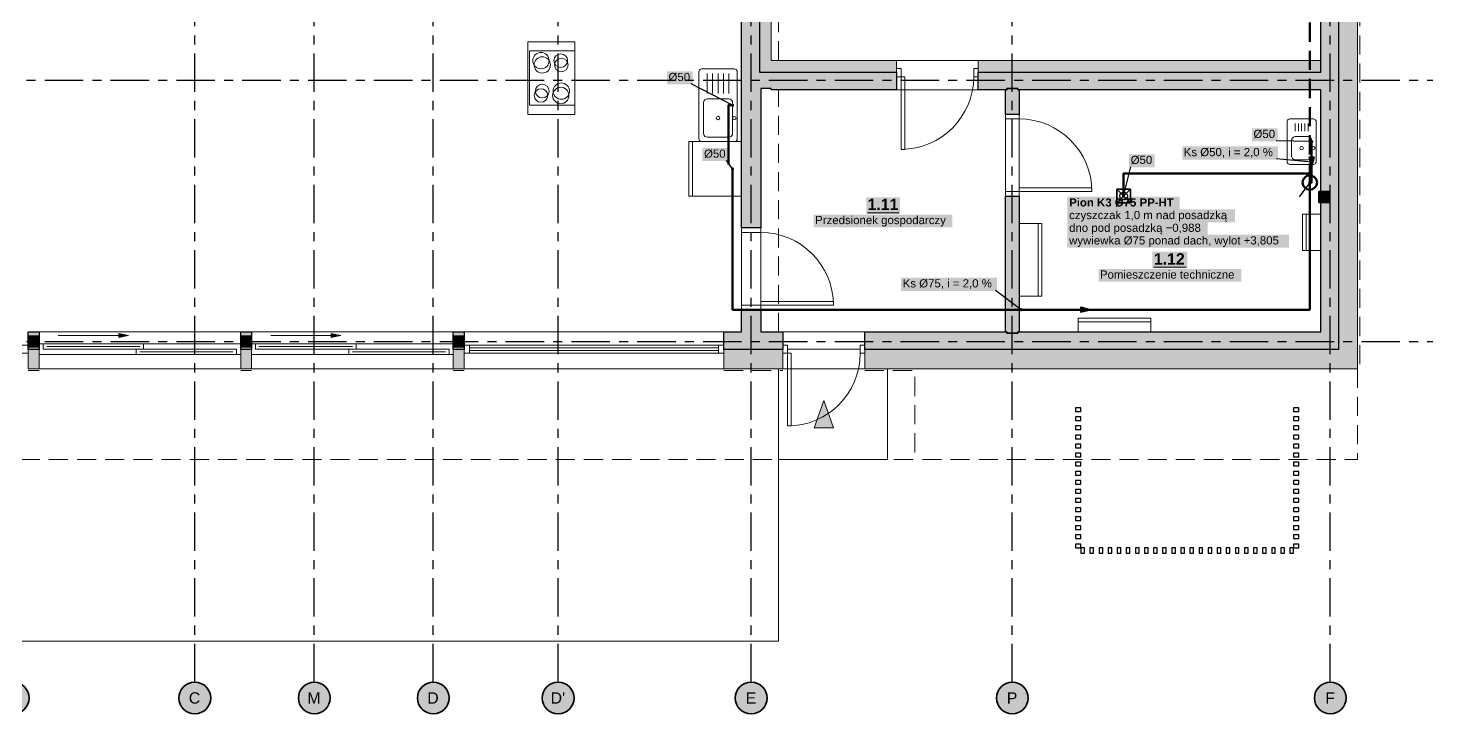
# Model space of a CAD drawing. Header units: metres. Extents: x -4.1 to 19.5, y -4.1 to 11.4.
# Drawn here: x 4.04 to 19.51, y -4.1 to 3.45 of the extents above; entities that cross this region are included whole.
import ezdxf

# ---------------------------------------------------------------- set-up
doc = ezdxf.new("R2010")
doc.units = ezdxf.units.M
doc.linetypes.add('KRESKOWA', pattern=[5.25, 4.2, -1.05])
doc.linetypes.add('PUNKTOWA', pattern=[10.5, 8.4, -1.05, 0, -1.05])
doc.layers.add('A-MASKA', color=7, linetype='Continuous', lineweight=18)
doc.layers.add('S-OPISY', color=2, linetype='Continuous', lineweight=25)
for name, color, linetype, lineweight, true_color in [('I-OSIE', 8, 'PUNKTOWA', 18, 0x7a7a7a), ('I-PODKLAD', 8, 'Continuous', 18, 0x9a9a9a), ('I-PODKLAD-SCIANY', 8, 'Continuous', 25, 0x6e6e6e), ('I-PODKLAD-WYPELN', 254, 'Continuous', 18, 0xe6e6e6), ('I-POMIESZCZENIA', 8, 'Continuous', 25, 0x4a4a4a), ('S-KANAL', 34, 'Continuous', 50, 0x7a4500)]:
    doc.layers.add(name, color=color, linetype=linetype, lineweight=lineweight, true_color=true_color)
doc.styles.add('PL_ARIAL', font='arial.ttf')
doc.styles.add('PL_ARIAL_B', font='arialbd.ttf')

msp = doc.modelspace()

# ---------------------------------------------------------------- hatches: boundary and pattern name
at = {"layer": 'A-MASKA', "true_color": 0xffffff}
for points in [[(11.073, 2.83), (11.355, 2.83), (11.355, 2.975), (11.073, 2.975)], [(17.513, 2.202), (17.795, 2.202), (17.795, 2.347), (17.513, 2.347)], [(11.463, 1.986), (11.746, 1.986), (11.746, 2.131), (11.463, 2.131)], [(16.161, 1.917), (16.443, 1.917), (16.443, 2.062), (16.161, 2.062)], [(16.745, 2.003), (17.801, 2.003), (17.801, 2.148), (16.745, 2.148)], [(13.266, 1.405), (13.639, 1.405), (13.639, 1.587), (13.266, 1.587)], [(15.482, 1.449), (16.717, 1.449), (16.717, 1.594), (15.482, 1.594)], [(12.689, 1.258), (14.216, 1.258), (14.216, 1.397), (12.689, 1.397)], [(15.482, 1.31), (17.328, 1.31), (17.328, 1.454), (15.482, 1.454)], [(15.482, 1.17), (17.027, 1.17), (17.027, 1.315), (15.482, 1.315)], [(15.482, 1.031), (17.921, 1.031), (17.921, 1.175), (15.482, 1.175)], [(16.418, 0.804), (16.802, 0.804), (16.802, 0.987), (16.418, 0.987)], [(15.824, 0.658), (17.396, 0.658), (17.396, 0.797), (15.824, 0.797)], [(13.651, 0.557), (14.707, 0.557), (14.707, 0.702), (13.651, 0.702)]]:
    msp.add_hatch(color=7, dxfattribs=at).paths.add_polyline_path(points)
at = {"layer": 'I-OSIE', "true_color": 0xffffff}
for points in [[(4.05, -3.925), (4.049, -3.902), (4.044, -3.88), (4.037, -3.858), (4.027, -3.837), (4.014, -3.818), (3.999, -3.801), (3.982, -3.786), (3.962, -3.773), (3.942, -3.763), (3.92, -3.756), (3.898, -3.751), (3.875, -3.75), (3.852, -3.751), (3.83, -3.756), (3.808, -3.763), (3.788, -3.773), (3.768, -3.786), (3.751, -3.801), (3.736, -3.818), (3.723, -3.837), (3.713, -3.858), (3.706, -3.88), (3.701, -3.902), (3.7, -3.925), (3.701, -3.948), (3.706, -3.97), (3.713, -3.992), (3.723, -4.013), (3.736, -4.032), (3.751, -4.049), (3.768, -4.064), (3.788, -4.077), (3.808, -4.087), (3.83, -4.094), (3.852, -4.099), (3.875, -4.1), (3.898, -4.099), (3.92, -4.094), (3.942, -4.087), (3.962, -4.077), (3.982, -4.064), (3.999, -4.049), (4.014, -4.032), (4.027, -4.013), (4.037, -3.992), (4.044, -3.97), (4.049, -3.948)], [(6.05, -3.925), (6.049, -3.902), (6.044, -3.88), (6.037, -3.858), (6.027, -3.837), (6.014, -3.818), (5.999, -3.801), (5.982, -3.786), (5.962, -3.773), (5.942, -3.763), (5.92, -3.756), (5.898, -3.751), (5.875, -3.75), (5.852, -3.751), (5.83, -3.756), (5.808, -3.763), (5.787, -3.773), (5.768, -3.786), (5.751, -3.801), (5.736, -3.818), (5.723, -3.837), (5.713, -3.858), (5.706, -3.88), (5.701, -3.902), (5.7, -3.925), (5.701, -3.948), (5.706, -3.97), (5.713, -3.992), (5.723, -4.013), (5.736, -4.032), (5.751, -4.049), (5.768, -4.064), (5.787, -4.077), (5.808, -4.087), (5.83, -4.094), (5.852, -4.099), (5.875, -4.1), (5.898, -4.099), (5.92, -4.094), (5.942, -4.087), (5.962, -4.077), (5.982, -4.064), (5.999, -4.049), (6.014, -4.032), (6.027, -4.013), (6.037, -3.992), (6.044, -3.97), (6.049, -3.948)], [(7.365, -3.925), (7.364, -3.902), (7.359, -3.88), (7.352, -3.858), (7.342, -3.837), (7.329, -3.818), (7.314, -3.801), (7.297, -3.786), (7.277, -3.773), (7.257, -3.763), (7.235, -3.756), (7.213, -3.751), (7.19, -3.75), (7.167, -3.751), (7.145, -3.756), (7.123, -3.763), (7.103, -3.773), (7.083, -3.786), (7.066, -3.801), (7.051, -3.818), (7.038, -3.837), (7.028, -3.858), (7.021, -3.88), (7.016, -3.902), (7.015, -3.925), (7.016, -3.948), (7.021, -3.97), (7.028, -3.992), (7.038, -4.013), (7.051, -4.032), (7.066, -4.049), (7.083, -4.064), (7.103, -4.077), (7.123, -4.087), (7.145, -4.094), (7.167, -4.099), (7.19, -4.1), (7.213, -4.099), (7.235, -4.094), (7.257, -4.087), (7.277, -4.077), (7.297, -4.064), (7.314, -4.049), (7.329, -4.032), (7.342, -4.013), (7.352, -3.992), (7.359, -3.97), (7.364, -3.948)], [(8.675, -3.925), (8.674, -3.902), (8.669, -3.88), (8.662, -3.858), (8.652, -3.837), (8.639, -3.818), (8.624, -3.801), (8.607, -3.786), (8.588, -3.773), (8.567, -3.763), (8.545, -3.756), (8.523, -3.751), (8.5, -3.75), (8.477, -3.751), (8.455, -3.756), (8.433, -3.763), (8.412, -3.773), (8.393, -3.786), (8.376, -3.801), (8.361, -3.818), (8.348, -3.837), (8.338, -3.858), (8.331, -3.88), (8.326, -3.902), (8.325, -3.925), (8.326, -3.948), (8.331, -3.97), (8.338, -3.992), (8.348, -4.013), (8.361, -4.032), (8.376, -4.049), (8.393, -4.064), (8.412, -4.077), (8.433, -4.087), (8.455, -4.094), (8.477, -4.099), (8.5, -4.1), (8.523, -4.099), (8.545, -4.094), (8.567, -4.087), (8.588, -4.077), (8.607, -4.064), (8.624, -4.049), (8.639, -4.032), (8.652, -4.013), (8.662, -3.992), (8.669, -3.97), (8.674, -3.948)], [(10.05, -3.925), (10.049, -3.902), (10.044, -3.88), (10.037, -3.858), (10.027, -3.837), (10.014, -3.818), (9.999, -3.801), (9.982, -3.786), (9.963, -3.773), (9.942, -3.763), (9.92, -3.756), (9.898, -3.751), (9.875, -3.75), (9.852, -3.751), (9.83, -3.756), (9.808, -3.763), (9.787, -3.773), (9.768, -3.786), (9.751, -3.801), (9.736, -3.818), (9.723, -3.837), (9.713, -3.858), (9.706, -3.88), (9.701, -3.902), (9.7, -3.925), (9.701, -3.948), (9.706, -3.97), (9.713, -3.992), (9.723, -4.013), (9.736, -4.032), (9.751, -4.049), (9.768, -4.064), (9.787, -4.077), (9.808, -4.087), (9.83, -4.094), (9.852, -4.099), (9.875, -4.1), (9.898, -4.099), (9.92, -4.094), (9.942, -4.087), (9.963, -4.077), (9.982, -4.064), (9.999, -4.049), (10.014, -4.032), (10.027, -4.013), (10.037, -3.992), (10.044, -3.97), (10.049, -3.948)], [(12.175, -3.925), (12.174, -3.902), (12.169, -3.88), (12.162, -3.858), (12.152, -3.837), (12.139, -3.818), (12.124, -3.801), (12.107, -3.786), (12.088, -3.773), (12.067, -3.763), (12.045, -3.756), (12.023, -3.751), (12, -3.75), (11.977, -3.751), (11.955, -3.756), (11.933, -3.763), (11.912, -3.773), (11.893, -3.786), (11.876, -3.801), (11.861, -3.818), (11.848, -3.837), (11.838, -3.858), (11.831, -3.88), (11.826, -3.902), (11.825, -3.925), (11.826, -3.948), (11.831, -3.97), (11.838, -3.992), (11.848, -4.013), (11.861, -4.032), (11.876, -4.049), (11.893, -4.064), (11.912, -4.077), (11.933, -4.087), (11.955, -4.094), (11.977, -4.099), (12, -4.1), (12.023, -4.099), (12.045, -4.094), (12.067, -4.087), (12.088, -4.077), (12.107, -4.064), (12.124, -4.049), (12.139, -4.032), (12.152, -4.013), (12.162, -3.992), (12.169, -3.97), (12.174, -3.948)], [(15.05, -3.925), (15.049, -3.902), (15.044, -3.88), (15.037, -3.858), (15.027, -3.837), (15.014, -3.818), (14.999, -3.801), (14.982, -3.786), (14.963, -3.773), (14.942, -3.763), (14.92, -3.756), (14.898, -3.751), (14.875, -3.75), (14.852, -3.751), (14.83, -3.756), (14.808, -3.763), (14.787, -3.773), (14.768, -3.786), (14.751, -3.801), (14.736, -3.818), (14.723, -3.837), (14.713, -3.858), (14.706, -3.88), (14.701, -3.902), (14.7, -3.925), (14.701, -3.948), (14.706, -3.97), (14.713, -3.992), (14.723, -4.013), (14.736, -4.032), (14.751, -4.049), (14.768, -4.064), (14.787, -4.077), (14.808, -4.087), (14.83, -4.094), (14.852, -4.099), (14.875, -4.1), (14.898, -4.099), (14.92, -4.094), (14.942, -4.087), (14.963, -4.077), (14.982, -4.064), (14.999, -4.049), (15.014, -4.032), (15.027, -4.013), (15.037, -3.992), (15.044, -3.97), (15.049, -3.948)], [(18.55, -3.925), (18.549, -3.902), (18.544, -3.88), (18.537, -3.858), (18.527, -3.837), (18.514, -3.818), (18.499, -3.801), (18.482, -3.786), (18.462, -3.773), (18.442, -3.763), (18.42, -3.756), (18.398, -3.751), (18.375, -3.75), (18.352, -3.751), (18.33, -3.756), (18.308, -3.763), (18.288, -3.773), (18.268, -3.786), (18.251, -3.801), (18.236, -3.818), (18.223, -3.837), (18.213, -3.858), (18.206, -3.88), (18.201, -3.902), (18.2, -3.925), (18.201, -3.948), (18.206, -3.97), (18.213, -3.992), (18.223, -4.013), (18.236, -4.032), (18.251, -4.049), (18.268, -4.064), (18.288, -4.077), (18.308, -4.087), (18.33, -4.094), (18.352, -4.099), (18.375, -4.1), (18.398, -4.099), (18.42, -4.094), (18.442, -4.087), (18.462, -4.077), (18.482, -4.064), (18.499, -4.049), (18.514, -4.032), (18.527, -4.013), (18.537, -3.992), (18.544, -3.97), (18.549, -3.948)]]:
    msp.add_hatch(color=7, dxfattribs=at).paths.add_polyline_path(points)
at = {"layer": 'I-PODKLAD-WYPELN', "true_color": 0xe4e4e4}
h = msp.add_hatch(color=7, dxfattribs=at)
h.paths.add_polyline_path([(11.895, 5.23), (11.895, 5.23), (11.895, 5.23), (11.895, 5.6), (11.895, 5.6), (11.895, 5.6), (12.09, 5.6), (12.09, 5.6), (12.09, 5.6), (12.09, 5.6), (12.09, 5.6), (12.22, 5.6), (12.22, 5.6), (12.22, 5.6), (12.22, 3.095), (13.6, 3.095), (13.6, 2.965), (13.6, 2.77), (12.22, 2.77), (12.22, 2.785), (12.105, 2.785), (12.105, 1.25), (12.09, 1.25), (11.895, 1.25), (11.895, 2.875), (11.895, 2.875), (11.895, 2.875), (11.895, 2.875), (11.895, 5.02), (11.895, 5.02), (11.895, 5.02), (10.4, 5.02), (10.4, 5.02), (10.4, 5.02), (10.4, 5.035), (10.4, 5.035), (10.4, 5.035), (10.4, 5.035), (10.4, 5.23), (10.4, 5.23), (10.4, 5.23), (10.4, 5.23), (10.4, 5.23), (11.895, 5.23), (11.895, 5.23)])
h.paths.add_polyline_path([(12.09, 2.965), (12.09, 2.965), (12.09, 2.965), (12.09, 2.965)], flags=0)
h.paths.add_polyline_path([(12.22, 2.965), (12.22, 2.965), (12.22, 2.965), (12.22, 2.965)], flags=0)
h.paths.add_polyline_path([(12.09, 2.875), (12.09, 2.875), (12.09, 2.875), (12.09, 2.875)], flags=0)
for points in [[(18.27, 0.105), (18.27, 2.77), (14.95, 2.77), (14.95, 2.5), (14.935, 2.5), (14.8, 2.5), (14.8, 2.77), (14.5, 2.77), (14.5, 2.965), (14.5, 3.095), (18.27, 3.095), (18.27, 4.9), (18.465, 4.9), (18.675, 4.9), (18.675, -0.3), (13.25, -0.3), (13.25, -0.09), (13.25, 0.105), (14.8, 0.105), (14.8, 1.6), (14.935, 1.6), (14.95, 1.6), (14.95, 0.105)], [(4.04, -0.3), (4.04, -0.09), (4.04, -0.09), (4.04, -0.09), (4.04, -0.09), (4.04, -0.09), (4.04, -0.06), (4.04, -0.06), (4.04, -0.06), (4.04, -0.06), (4.04, 0.06), (4.04, 0.06), (4.04, 0.06), (4.04, 0.06), (4.04, 0.105), (4.04, 0.105), (4.04, 0.105), (4.16, 0.105), (4.16, 0.105), (4.16, 0.105), (4.16, 0.06), (4.16, 0.06), (4.16, 0.06), (4.16, 0.06), (4.16, -0.06), (4.16, -0.06), (4.16, -0.06), (4.16, -0.06), (4.16, -0.09), (4.16, -0.09), (4.16, -0.09), (4.16, -0.09), (4.16, -0.09), (4.16, -0.3), (4.16, -0.3), (4.16, -0.3), (4.04, -0.3), (4.04, -0.3)], [(6.38, -0.3), (6.38, -0.3), (6.38, -0.09), (6.38, -0.09), (6.38, -0.09), (6.38, -0.09), (6.38, -0.09), (6.38, -0.06), (6.38, -0.06), (6.38, -0.06), (6.38, -0.06), (6.38, 0.06), (6.38, 0.06), (6.38, 0.06), (6.38, 0.06), (6.38, 0.105), (6.38, 0.105), (6.38, 0.105), (6.5, 0.105), (6.5, 0.105), (6.5, 0.105), (6.5, 0.06), (6.5, 0.06), (6.5, 0.06), (6.5, 0.06), (6.5, -0.06), (6.5, -0.06), (6.5, -0.06), (6.5, -0.06), (6.5, -0.09), (6.5, -0.09), (6.5, -0.09), (6.5, -0.09), (6.5, -0.09), (6.5, -0.3), (6.5, -0.3), (6.5, -0.3), (6.38, -0.3)], [(8.72, -0.3), (8.72, -0.09), (8.72, -0.09), (8.72, -0.09), (8.72, -0.09), (8.72, -0.09), (8.72, -0.06), (8.72, -0.06), (8.72, -0.06), (8.72, -0.06), (8.72, 0.06), (8.72, 0.06), (8.72, 0.06), (8.72, 0.06), (8.72, 0.105), (8.72, 0.105), (8.72, 0.105), (8.84, 0.105), (8.84, 0.105), (8.84, 0.105), (8.84, 0.06), (8.84, 0.06), (8.84, 0.06), (8.84, 0.06), (8.84, -0.06), (8.84, -0.06), (8.84, -0.06), (8.84, -0.06), (8.84, -0.09), (8.84, -0.09), (8.84, -0.09), (8.84, -0.09), (8.84, -0.09), (8.84, -0.3), (8.84, -0.3), (8.84, -0.3), (8.72, -0.3), (8.72, -0.3)]]:
    msp.add_hatch(color=7, dxfattribs=at).paths.add_polyline_path(points)
h = msp.add_hatch(color=7, dxfattribs=at)
h.paths.add_polyline_path([(11.7, -0.3), (11.7, -0.09), (11.7, -0.09), (11.7, -0.09), (11.7, -0.09), (11.7, -0.09), (11.7, 0.105), (11.7, 0.105), (11.7, 0.105), (11.895, 0.105), (11.895, 0.35), (12.09, 0.35), (12.105, 0.35), (12.105, 0.105), (12.35, 0.105), (12.35, -0.09), (12.35, -0.3), (12, -0.3), (12, -0.3), (12, -0.3), (12, -0.3), (11.7, -0.3), (11.7, -0.3)])
h.paths.add_polyline_path([(11.91, 0.105), (11.91, 0.105), (11.91, 0.105), (11.91, 0.105)], flags=0)
h.paths.add_polyline_path([(12, 0.09), (12, 0.09), (12, 0.09), (12, 0.09)], flags=0)
h.paths.add_polyline_path([(12, -0.09), (12, -0.09), (12, -0.09), (12, -0.09), (12, -0.09), (12, -0.09)], flags=0)
at = {"layer": 'I-PODKLAD-WYPELN', "true_color": 0xcfcfcf}
for points in [[(4.04, -0.06), (4.04, 0.06), (4.16, 0.06), (4.16, -0.06)], [(5.144, 0.065), (5.037, 0.042), (5.037, 0.088)], [(6.38, -0.06), (6.38, 0.06), (6.5, 0.06), (6.5, -0.06)], [(7.484, 0.065), (7.377, 0.042), (7.377, 0.088)], [(8.72, -0.06), (8.72, 0.06), (8.84, 0.06), (8.84, -0.06)], [(12.8, -0.65), (12.695, -0.95), (12.905, -0.95)]]:
    msp.add_hatch(color=7, dxfattribs=at).paths.add_polyline_path(points)
at = {"layer": 'S-KANAL', "true_color": 0x000000}
for points in [[(18.17, 1.921), (18.143, 2.028), (18.197, 2.028)], [(18.167, 1.75), (18.167, 1.755), (18.165, 1.759), (18.162, 1.762), (18.159, 1.765), (18.155, 1.767), (18.15, 1.768), (18.145, 1.767), (18.141, 1.765), (18.138, 1.762), (18.135, 1.759), (18.133, 1.755), (18.133, 1.75), (18.133, 1.745), (18.135, 1.741), (18.138, 1.738), (18.141, 1.735), (18.145, 1.733), (18.15, 1.732), (18.155, 1.733), (18.159, 1.735), (18.162, 1.738), (18.165, 1.741), (18.167, 1.745)], [(18.25, 1.53), (18.37, 1.53), (18.37, 1.65)], [(15.735, 0.35), (15.628, 0.323), (15.628, 0.377)]]:
    msp.add_hatch(color=7, dxfattribs=at).paths.add_polyline_path(points)
at = {"layer": 'S-KANAL', "true_color": 0xffffff}
msp.add_hatch(color=7, dxfattribs=at).paths.add_polyline_path([(18.25, 1.53), (18.37, 1.53), (18.37, 1.65), (18.25, 1.65)])
at = {"layer": 'S-OPISY', "true_color": 0x000000}
for points in [[(11.812, 2.6), (11.812, 2.605), (11.81, 2.609), (11.807, 2.612), (11.804, 2.615), (11.8, 2.617), (11.795, 2.618), (11.79, 2.617), (11.786, 2.615), (11.783, 2.612), (11.78, 2.609), (11.778, 2.605), (11.777, 2.6), (11.778, 2.595), (11.78, 2.591), (11.783, 2.588), (11.786, 2.585), (11.79, 2.583), (11.795, 2.583), (11.8, 2.583), (11.804, 2.585), (11.807, 2.588), (11.81, 2.591), (11.812, 2.595)], [(18.187, 2.2), (18.187, 2.205), (18.185, 2.209), (18.182, 2.212), (18.179, 2.215), (18.175, 2.217), (18.17, 2.218), (18.165, 2.217), (18.161, 2.215), (18.158, 2.212), (18.155, 2.209), (18.153, 2.205), (18.152, 2.2), (18.153, 2.195), (18.155, 2.191), (18.158, 2.188), (18.161, 2.185), (18.165, 2.183), (18.17, 2.183), (18.175, 2.183), (18.179, 2.185), (18.182, 2.188), (18.185, 2.191), (18.187, 2.195)], [(11.812, 1.9), (11.812, 1.905), (11.81, 1.909), (11.807, 1.912), (11.804, 1.915), (11.8, 1.917), (11.795, 1.917), (11.79, 1.917), (11.786, 1.915), (11.783, 1.912), (11.78, 1.909), (11.778, 1.905), (11.777, 1.9), (11.778, 1.895), (11.78, 1.891), (11.783, 1.888), (11.786, 1.885), (11.79, 1.883), (11.795, 1.882), (11.8, 1.883), (11.804, 1.885), (11.807, 1.888), (11.81, 1.891), (11.812, 1.895)], [(18.187, 1.975), (18.187, 1.98), (18.185, 1.984), (18.182, 1.987), (18.179, 1.99), (18.175, 1.992), (18.17, 1.993), (18.165, 1.992), (18.161, 1.99), (18.158, 1.987), (18.155, 1.984), (18.153, 1.98), (18.152, 1.975), (18.153, 1.97), (18.155, 1.966), (18.158, 1.963), (18.161, 1.96), (18.165, 1.958), (18.17, 1.958), (18.175, 1.958), (18.179, 1.96), (18.182, 1.963), (18.185, 1.966), (18.187, 1.97)], [(18.167, 1.75), (18.167, 1.755), (18.165, 1.759), (18.162, 1.762), (18.159, 1.765), (18.155, 1.767), (18.15, 1.768), (18.145, 1.767), (18.141, 1.765), (18.138, 1.762), (18.135, 1.759), (18.133, 1.755), (18.133, 1.75), (18.133, 1.745), (18.135, 1.741), (18.138, 1.738), (18.141, 1.735), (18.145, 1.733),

━━━━━━━━━━━━━━━━━━━━

▸ **TASK ITEM**: Locate and copy each line in the data above that includes the word "ezdxf".

▸ **RESPONSE**:
import ezdxf
doc = ezdxf.new("R2010")
doc.units = ezdxf.units.M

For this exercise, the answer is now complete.